##### DATA RECORDS

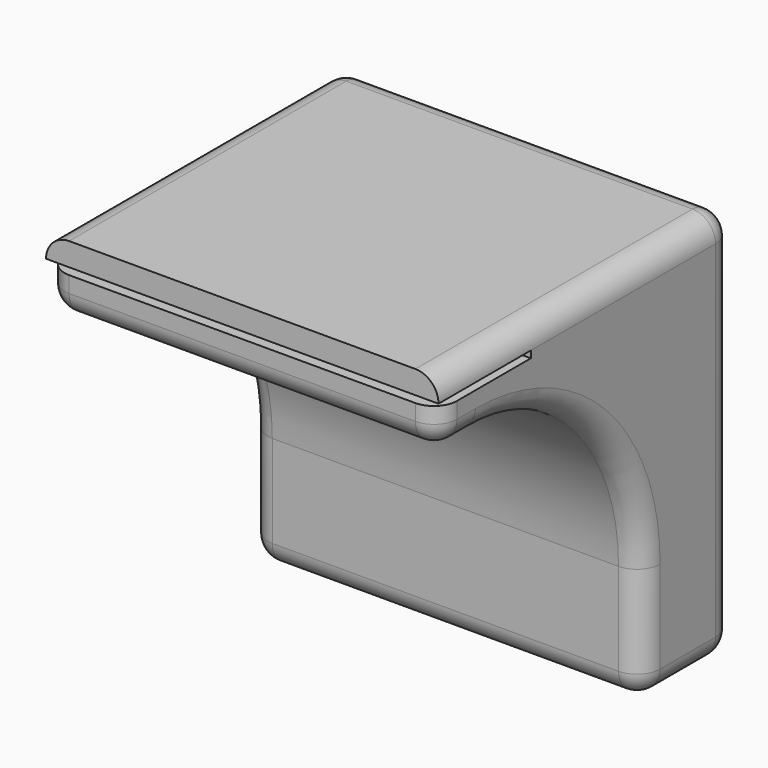
from build123d import *

# Parameters (mm, degrees)
F1_DEPTH  = 60
F2_DEPTH  = 85
F3_W      = 65
F3_H      = 20
F4_DEPTH  = 10
F5_W      = 65
F5_H      = 20
F6_DEPTH  = 10
F9_W      = 85
F9_H      = 25
F10_DEPTH = 1.5
F11_F1_R  = 5
F11_F2_R  = 5
F12_W     = 85
F12_H     = 60
F13_DEPTH = 70
F14_R     = 45
F15_R     = 4.99999
F16_R     = 4.99999
F17_W     = 85
F17_H     = 1.5
F18_DEPTH = 5
F19_W     = 85
F19_H     = 5
F20_DEPTH = 5
F21_W     = 5
F21_H     = 10
F22_DEPTH = 85
F23_R     = 4.99999


# Not quite as in the source:
# - a fillet or chamfer is up to 0.001 mm smaller than in the source, because OpenCascade refuses the exact size


with BuildPart() as f1:
    # F0 (on Top) → F1 (new body)
    with BuildSketch(Plane.XY):
        Polygon((-61.8206309527, 56.9930104911), (-61.8206309527, -28.0069895089), (23.1793690473, -28.0069895089), (23.1793690473, 56.9930104911), (13.1793690473, 56.9930104911), (13.1793690473, 36.9930104911), (-51.8206309527, 36.9930104911), (-51.8206309527, 56.9930104911), align=None)
    extrude(amount=F1_DEPTH)

    # F0 (on Top) → F2 (join)
    with BuildSketch(Plane.XY):
        Polygon((-61.8206309527, 56.9930104911), (-61.8206309527, -28.0069895089), (23.1793690473, -28.0069895089), (23.1793690473, 56.9930104911), (13.1793690473, 56.9930104911), (13.1793690473, 36.9930104911), (-51.8206309527, 36.9930104911), (-51.8206309527, 56.9930104911), align=None)
    extrude(amount=F2_DEPTH)

    # F3 (on face) → F4 (join)
    with BuildSketch(Plane.XY.offset(85)):
        with Locations((-19.3206309527, 46.9930104911)):
            Rectangle(F3_W, F3_H)
    extrude(amount=-F4_DEPTH)

    # F5 (on face) → F6 (join)
    with BuildSketch(Plane(origin=(0, 0, 0), x_dir=(1, 0, 0), z_dir=(0, 0, -1))):
        with Locations((-19.3206309527, -46.9930104911)):
            Rectangle(F5_W, F5_H)
    extrude(amount=-F6_DEPTH)

    # F9 (on offset) → F10 (cut)
    with BuildSketch(Plane.XY.offset(80)):
        with Locations((-19.3206309527, -15.5069895089)):
            Rectangle(F9_W, F9_H)
    extrude(amount=-F10_DEPTH, mode=Mode.SUBTRACT)

    # F11: fillet of radius 5 on 4 edges, made by hand

    # F11_f1
    f11_f1_edges = [f1.edges().sort_by_distance(p)[0] for p in [
        (13.1793690473, 46.9930104911, 10),
        (-19.3206309527, 36.9930104911, 10),
        (-51.8206309527, 46.9930104911, 10),
    ]]
    fillet(f11_f1_edges, radius=F11_F1_R)

    # F11_f2
    f11_f2_edges = [f1.edges().sort_by_distance(p)[0] for p in [
        (-19.3206309527, 56.9930104911, 10),
        (-50.3561648586, 56.9930104911, 11.4644660941),
        (11.7149029532, 56.9930104911, 11.4644660941),
    ]]
    fillet(f11_f2_edges, radius=F11_F2_R)

    # F12 (on face) → F13 (cut)
    with BuildSketch(Plane(origin=(0, 0, 0), x_dir=(1, 0, 0), z_dir=(0, 0, -1))):
        with Locations((-19.3206309527, -1.9930104911)):
            Rectangle(F12_W, F12_H)
    extrude(amount=-F13_DEPTH, mode=Mode.SUBTRACT)

    # F14
    f14_edges = [f1.edges().sort_by_distance(p)[0] for p in [
        (-19.320631, 31.99301, 70),
    ]]
    fillet(f14_edges, radius=F14_R)

    # F15 (radius 5 in the source; OpenCascade refuses exactly that, so slightly less here)
    f15_edges = [f1.edges().sort_by_distance(p)[0] for p in [
        (-19.320631, 56.99301, 0),
        (-61.820631, 56.99301, 42.5),
        (23.179369, 56.99301, 42.5),
        (-61.820631, 44.49301, 0),
        (23.179369, 44.49301, 0),
        (-19.320631, 31.99301, 0),
        (-61.820631, -20.50699, 70),
        (23.179369, 18.812816, 56.819805),
        (-61.820631, 31.99301, 12.5),
        (-61.820631, 18.812816, 56.819805),
        (-61.820631, 14.49301, 85),
        (23.179369, 31.99301, 12.5),
        (23.179369, -20.50699, 70),
        (-19.320631, 56.99301, 85),
        (23.179369, 14.49301, 85),
    ]]
    fillet(f15_edges, radius=F15_R)

    # F16 (radius 5 in the source; OpenCascade refuses exactly that, so slightly less here)
    f16_edges = [f1.edges().sort_by_distance(p)[0] for p in [
        (-19.320631, 51.99302, 0),
        (18.179379, 44.49301, 0),
        (-56.820641, 44.49301, 0),
        (-19.320631, 36.993, 0),
        (-19.320631, -28.00699, 70),
    ]]
    fillet(f16_edges, radius=F16_R)

    # F17 (on face) → F18 (cut)
    with BuildSketch(Plane.XZ.offset(3.0069895089)):
        with Locations((-19.3206309527, 79.25)):
            Rectangle(F17_W, F17_H)
    extrude(amount=-F18_DEPTH, mode=Mode.SUBTRACT)

    # F19 (on face) → F20 (cut)
    with BuildSketch(Plane.XZ.offset(28.0069895089)):
        with Locations((-19.3206309527, 82.5)):
            Rectangle(F19_W, F19_H)
    extrude(amount=-F20_DEPTH, mode=Mode.SUBTRACT)

    # F21 (on face) → F22 (cut)
    with BuildSketch(Plane(origin=(-61.8206309527, 0, 0), x_dir=(0, -1, 0), z_dir=(-1, 0, 0))):
        with Locations((25.5069895089, 73.5)):
            Rectangle(F21_W, F21_H)
    extrude(amount=-F22_DEPTH, mode=Mode.SUBTRACT)

    # F23 (radius 5 in the source; OpenCascade refuses exactly that, so slightly less here)
    f23_edges = [f1.edges().sort_by_distance(p)[0] for p in [
        (-19.320631, -23.00699, 70),
        (-61.820631, -23.00699, 76.749995),
        (-60.356168, -23.00699, 71.464463),
        (21.714906, -23.00699, 71.464463),
        (23.179369, -23.00699, 76.749995),
    ]]
    fillet(f23_edges, radius=F23_R)


solid = f1.part

##########

■ ACTIVITY
The line containing "Rectangle(F5_W, F5_H)" marks the end; please output exactly the lines of the listing above from its first line through that line, without pictures.

■ RESPONSE TO THIS EXERCISE
from build123d import *

# Parameters (mm, degrees)
F1_DEPTH  = 60
F2_DEPTH  = 85
F3_W      = 65
F3_H      = 20
F4_DEPTH  = 10
F5_W      = 65
F5_H      = 20
F6_DEPTH  = 10
F9_W      = 85
F9_H      = 25
F10_DEPTH = 1.5
F11_F1_R  = 5
F11_F2_R  = 5
F12_W     = 85
F12_H     = 60
F13_DEPTH = 70
F14_R     = 45
F15_R     = 4.99999
F16_R     = 4.99999
F17_W     = 85
F17_H     = 1.5
F18_DEPTH = 5
F19_W     = 85
F19_H     = 5
F20_DEPTH = 5
F21_W     = 5
F21_H     = 10
F22_DEPTH = 85
F23_R     = 4.99999


# Not quite as in the source:
# - a fillet or chamfer is up to 0.001 mm smaller than in the source, because OpenCascade refuses the exact size


with BuildPart() as f1:
    # F0 (on Top) → F1 (new body)
    with BuildSketch(Plane.XY):
        Polygon((-61.8206309527, 56.9930104911), (-61.8206309527, -28.0069895089), (23.1793690473, -28.0069895089), (23.1793690473, 56.9930104911), (13.1793690473, 56.9930104911), (13.1793690473, 36.9930104911), (-51.8206309527, 36.9930104911), (-51.8206309527, 56.9930104911), align=None)
    extrude(amount=F1_DEPTH)

    # F0 (on Top) → F2 (join)
    with BuildSketch(Plane.XY):
        Polygon((-61.8206309527, 56.9930104911), (-61.8206309527, -28.0069895089), (23.1793690473, -28.0069895089), (23.1793690473, 56.9930104911), (13.1793690473, 56.9930104911), (13.1793690473, 36.9930104911), (-51.8206309527, 36.9930104911), (-51.8206309527, 56.9930104911), align=None)
    extrude(amount=F2_DEPTH)

    # F3 (on face) → F4 (join)
    with BuildSketch(Plane.XY.offset(85)):
        with Locations((-19.3206309527, 46.9930104911)):
            Rectangle(F3_W, F3_H)
    extrude(amount=-F4_DEPTH)

    # F5 (on face) → F6 (join)
    with BuildSketch(Plane(origin=(0, 0, 0), x_dir=(1, 0, 0), z_dir=(0, 0, -1))):
        with Locations((-19.3206309527, -46.9930104911)):
            Rectangle(F5_W, F5_H)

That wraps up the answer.